Stored items
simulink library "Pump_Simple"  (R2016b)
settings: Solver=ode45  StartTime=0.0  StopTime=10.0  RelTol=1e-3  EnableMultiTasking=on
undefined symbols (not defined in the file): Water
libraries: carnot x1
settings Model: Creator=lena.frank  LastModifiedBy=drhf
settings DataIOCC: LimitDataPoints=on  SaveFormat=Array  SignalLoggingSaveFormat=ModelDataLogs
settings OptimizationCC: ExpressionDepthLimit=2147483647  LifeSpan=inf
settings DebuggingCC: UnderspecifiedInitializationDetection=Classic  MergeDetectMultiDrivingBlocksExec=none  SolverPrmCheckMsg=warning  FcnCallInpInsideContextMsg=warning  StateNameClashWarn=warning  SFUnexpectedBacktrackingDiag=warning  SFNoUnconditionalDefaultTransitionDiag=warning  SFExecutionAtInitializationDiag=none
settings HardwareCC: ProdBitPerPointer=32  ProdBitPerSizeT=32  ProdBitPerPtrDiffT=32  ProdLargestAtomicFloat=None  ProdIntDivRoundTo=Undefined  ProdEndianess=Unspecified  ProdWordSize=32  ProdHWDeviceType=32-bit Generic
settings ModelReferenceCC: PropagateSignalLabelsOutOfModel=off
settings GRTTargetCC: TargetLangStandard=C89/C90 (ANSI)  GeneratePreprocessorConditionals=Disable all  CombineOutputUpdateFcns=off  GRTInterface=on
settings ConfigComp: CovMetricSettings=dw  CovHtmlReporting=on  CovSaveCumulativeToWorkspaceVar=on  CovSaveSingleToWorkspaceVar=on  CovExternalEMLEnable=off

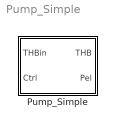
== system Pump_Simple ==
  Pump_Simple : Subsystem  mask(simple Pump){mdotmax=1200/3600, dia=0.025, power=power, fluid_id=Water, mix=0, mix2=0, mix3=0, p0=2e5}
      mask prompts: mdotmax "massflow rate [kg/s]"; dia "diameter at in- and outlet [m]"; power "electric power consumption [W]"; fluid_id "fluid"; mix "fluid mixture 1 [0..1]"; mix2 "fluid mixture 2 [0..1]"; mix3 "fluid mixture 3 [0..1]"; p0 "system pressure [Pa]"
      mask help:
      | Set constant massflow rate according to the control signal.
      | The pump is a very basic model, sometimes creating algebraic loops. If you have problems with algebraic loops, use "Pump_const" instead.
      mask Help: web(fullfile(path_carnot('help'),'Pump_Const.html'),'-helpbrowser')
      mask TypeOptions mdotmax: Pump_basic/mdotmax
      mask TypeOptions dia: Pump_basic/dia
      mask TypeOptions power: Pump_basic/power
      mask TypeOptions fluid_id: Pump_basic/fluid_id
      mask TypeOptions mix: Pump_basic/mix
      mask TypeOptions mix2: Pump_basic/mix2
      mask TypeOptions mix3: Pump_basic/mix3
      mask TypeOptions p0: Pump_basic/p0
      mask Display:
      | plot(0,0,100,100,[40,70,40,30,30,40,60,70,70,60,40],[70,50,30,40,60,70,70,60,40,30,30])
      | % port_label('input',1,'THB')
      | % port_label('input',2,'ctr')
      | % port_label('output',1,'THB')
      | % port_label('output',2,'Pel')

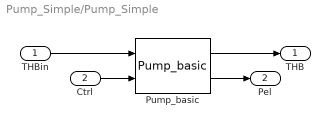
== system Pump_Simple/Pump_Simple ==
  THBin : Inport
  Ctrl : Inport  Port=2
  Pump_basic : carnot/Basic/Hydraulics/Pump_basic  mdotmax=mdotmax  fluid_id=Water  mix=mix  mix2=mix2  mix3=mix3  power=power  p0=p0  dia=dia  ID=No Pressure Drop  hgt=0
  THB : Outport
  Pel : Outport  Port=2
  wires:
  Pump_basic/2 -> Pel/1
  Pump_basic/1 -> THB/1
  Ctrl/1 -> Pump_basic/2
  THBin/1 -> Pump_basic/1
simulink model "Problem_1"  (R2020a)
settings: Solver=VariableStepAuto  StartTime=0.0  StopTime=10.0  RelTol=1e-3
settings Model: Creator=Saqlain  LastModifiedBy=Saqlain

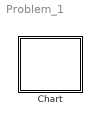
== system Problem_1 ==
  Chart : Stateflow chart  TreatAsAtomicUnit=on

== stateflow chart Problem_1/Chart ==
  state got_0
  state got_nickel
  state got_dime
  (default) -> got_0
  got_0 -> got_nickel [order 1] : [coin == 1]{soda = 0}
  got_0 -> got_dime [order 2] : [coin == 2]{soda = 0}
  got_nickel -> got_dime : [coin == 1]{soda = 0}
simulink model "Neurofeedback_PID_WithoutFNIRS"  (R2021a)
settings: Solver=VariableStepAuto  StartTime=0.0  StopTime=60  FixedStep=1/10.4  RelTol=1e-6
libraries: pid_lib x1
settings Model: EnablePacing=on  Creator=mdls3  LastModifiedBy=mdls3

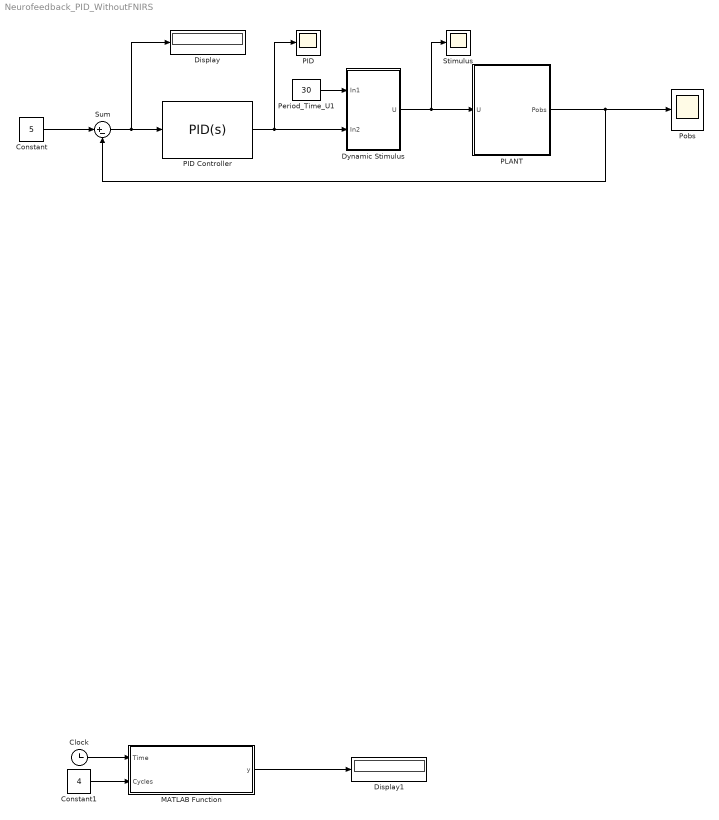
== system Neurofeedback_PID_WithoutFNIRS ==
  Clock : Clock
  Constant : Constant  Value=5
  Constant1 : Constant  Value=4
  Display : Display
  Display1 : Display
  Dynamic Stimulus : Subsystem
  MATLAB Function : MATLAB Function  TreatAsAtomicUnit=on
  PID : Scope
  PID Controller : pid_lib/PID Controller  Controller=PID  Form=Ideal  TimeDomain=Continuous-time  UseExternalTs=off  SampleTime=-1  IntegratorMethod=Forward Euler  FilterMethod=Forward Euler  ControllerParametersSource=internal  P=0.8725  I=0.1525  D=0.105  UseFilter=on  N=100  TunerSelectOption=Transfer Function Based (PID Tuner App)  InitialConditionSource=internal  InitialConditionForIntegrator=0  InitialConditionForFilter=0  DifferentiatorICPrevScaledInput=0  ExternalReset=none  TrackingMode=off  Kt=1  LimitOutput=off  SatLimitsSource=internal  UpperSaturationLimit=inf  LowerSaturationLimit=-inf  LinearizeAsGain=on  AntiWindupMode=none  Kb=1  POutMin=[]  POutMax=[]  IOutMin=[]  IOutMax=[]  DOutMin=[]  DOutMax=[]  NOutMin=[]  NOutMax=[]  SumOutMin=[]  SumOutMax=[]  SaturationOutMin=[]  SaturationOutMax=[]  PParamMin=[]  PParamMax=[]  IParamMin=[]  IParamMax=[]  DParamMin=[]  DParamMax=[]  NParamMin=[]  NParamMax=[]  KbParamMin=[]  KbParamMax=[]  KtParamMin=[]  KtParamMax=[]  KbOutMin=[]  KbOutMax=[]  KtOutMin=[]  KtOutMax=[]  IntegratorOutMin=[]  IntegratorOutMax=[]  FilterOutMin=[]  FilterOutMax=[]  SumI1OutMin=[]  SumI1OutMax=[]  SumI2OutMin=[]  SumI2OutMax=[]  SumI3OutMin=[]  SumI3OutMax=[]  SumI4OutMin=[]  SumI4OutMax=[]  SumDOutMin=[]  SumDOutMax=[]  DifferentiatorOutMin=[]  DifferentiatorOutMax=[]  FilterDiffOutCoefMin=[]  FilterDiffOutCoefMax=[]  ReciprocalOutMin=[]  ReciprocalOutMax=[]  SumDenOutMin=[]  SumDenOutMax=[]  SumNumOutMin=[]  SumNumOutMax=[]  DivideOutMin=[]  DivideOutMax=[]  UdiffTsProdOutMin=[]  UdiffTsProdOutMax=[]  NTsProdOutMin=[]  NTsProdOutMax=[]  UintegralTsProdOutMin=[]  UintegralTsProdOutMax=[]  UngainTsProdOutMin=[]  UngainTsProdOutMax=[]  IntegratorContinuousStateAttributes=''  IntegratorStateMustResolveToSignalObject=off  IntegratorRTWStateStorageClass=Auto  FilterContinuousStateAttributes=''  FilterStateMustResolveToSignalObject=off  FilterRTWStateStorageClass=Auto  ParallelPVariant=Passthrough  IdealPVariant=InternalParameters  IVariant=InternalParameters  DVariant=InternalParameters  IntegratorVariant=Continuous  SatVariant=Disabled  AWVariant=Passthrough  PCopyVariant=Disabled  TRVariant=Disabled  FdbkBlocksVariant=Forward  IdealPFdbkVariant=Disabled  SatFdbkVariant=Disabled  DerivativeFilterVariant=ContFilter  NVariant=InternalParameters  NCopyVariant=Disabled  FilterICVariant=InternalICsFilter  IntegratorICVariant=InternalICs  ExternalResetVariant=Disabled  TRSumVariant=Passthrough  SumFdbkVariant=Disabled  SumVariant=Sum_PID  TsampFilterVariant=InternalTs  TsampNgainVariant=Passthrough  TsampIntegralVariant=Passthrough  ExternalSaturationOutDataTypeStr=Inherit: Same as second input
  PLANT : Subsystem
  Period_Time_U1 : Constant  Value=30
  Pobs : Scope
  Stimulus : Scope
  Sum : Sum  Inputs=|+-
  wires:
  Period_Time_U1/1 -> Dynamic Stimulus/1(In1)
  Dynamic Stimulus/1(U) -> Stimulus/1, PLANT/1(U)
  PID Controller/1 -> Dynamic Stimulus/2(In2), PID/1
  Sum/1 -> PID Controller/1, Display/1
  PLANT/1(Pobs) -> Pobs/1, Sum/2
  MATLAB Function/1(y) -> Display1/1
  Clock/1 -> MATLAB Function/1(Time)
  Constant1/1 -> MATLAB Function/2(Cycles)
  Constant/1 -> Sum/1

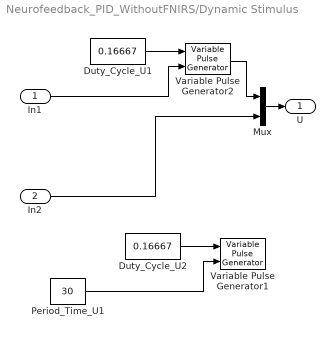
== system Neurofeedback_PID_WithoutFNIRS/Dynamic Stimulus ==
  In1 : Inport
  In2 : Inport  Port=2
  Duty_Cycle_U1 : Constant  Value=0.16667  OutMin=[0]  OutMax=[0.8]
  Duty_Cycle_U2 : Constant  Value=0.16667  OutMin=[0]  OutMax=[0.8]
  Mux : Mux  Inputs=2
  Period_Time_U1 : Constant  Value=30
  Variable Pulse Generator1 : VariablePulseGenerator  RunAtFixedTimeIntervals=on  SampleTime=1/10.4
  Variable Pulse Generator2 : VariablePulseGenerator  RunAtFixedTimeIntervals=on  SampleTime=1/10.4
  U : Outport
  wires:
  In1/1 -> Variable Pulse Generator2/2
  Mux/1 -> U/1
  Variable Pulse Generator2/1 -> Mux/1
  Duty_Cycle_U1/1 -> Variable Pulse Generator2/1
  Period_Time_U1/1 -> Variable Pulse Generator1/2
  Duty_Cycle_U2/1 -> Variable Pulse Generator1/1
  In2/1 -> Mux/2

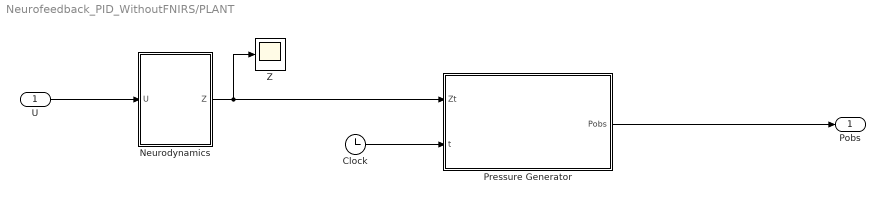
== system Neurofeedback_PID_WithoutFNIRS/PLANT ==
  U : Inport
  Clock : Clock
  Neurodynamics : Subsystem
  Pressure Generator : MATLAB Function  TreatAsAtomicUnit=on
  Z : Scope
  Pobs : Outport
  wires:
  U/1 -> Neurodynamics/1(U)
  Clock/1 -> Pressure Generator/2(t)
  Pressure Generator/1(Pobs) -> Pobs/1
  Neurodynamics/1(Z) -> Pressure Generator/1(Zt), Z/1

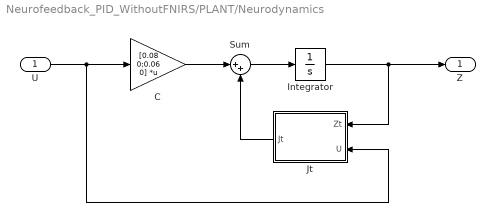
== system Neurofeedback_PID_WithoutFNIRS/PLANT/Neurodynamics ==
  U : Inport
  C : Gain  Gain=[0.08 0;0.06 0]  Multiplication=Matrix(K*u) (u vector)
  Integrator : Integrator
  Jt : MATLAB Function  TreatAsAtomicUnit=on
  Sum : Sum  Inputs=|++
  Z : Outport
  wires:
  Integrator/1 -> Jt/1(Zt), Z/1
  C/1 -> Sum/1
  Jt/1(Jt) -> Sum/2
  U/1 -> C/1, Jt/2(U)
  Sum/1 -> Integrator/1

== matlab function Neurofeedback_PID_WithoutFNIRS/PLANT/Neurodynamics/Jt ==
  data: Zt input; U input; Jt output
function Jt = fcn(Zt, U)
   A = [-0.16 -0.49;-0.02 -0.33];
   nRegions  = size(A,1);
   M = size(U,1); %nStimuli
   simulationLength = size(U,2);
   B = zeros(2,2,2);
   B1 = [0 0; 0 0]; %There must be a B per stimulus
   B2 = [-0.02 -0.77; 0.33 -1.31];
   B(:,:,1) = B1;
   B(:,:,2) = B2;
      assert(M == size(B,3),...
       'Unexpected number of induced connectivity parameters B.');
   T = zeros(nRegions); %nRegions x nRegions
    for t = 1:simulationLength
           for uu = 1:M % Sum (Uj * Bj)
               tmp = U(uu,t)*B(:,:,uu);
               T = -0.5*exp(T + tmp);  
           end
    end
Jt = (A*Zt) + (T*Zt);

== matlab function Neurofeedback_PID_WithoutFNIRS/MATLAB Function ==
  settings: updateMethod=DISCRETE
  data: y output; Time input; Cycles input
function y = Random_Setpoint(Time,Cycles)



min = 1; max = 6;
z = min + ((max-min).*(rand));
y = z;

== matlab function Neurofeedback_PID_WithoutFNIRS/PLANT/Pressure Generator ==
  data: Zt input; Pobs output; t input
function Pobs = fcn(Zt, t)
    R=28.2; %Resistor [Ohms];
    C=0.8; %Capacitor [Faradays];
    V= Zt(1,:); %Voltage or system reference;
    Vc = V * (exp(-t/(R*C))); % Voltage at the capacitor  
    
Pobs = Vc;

Required action:
Report the lines above that contain "VariableStepAuto".

Response area:
settings: Solver=VariableStepAuto  StartTime=0.0  StopTime=10.0  RelTol=1e-3
settings: Solver=VariableStepAuto  StartTime=0.0  StopTime=60  FixedStep=1/10.4  RelTol=1e-6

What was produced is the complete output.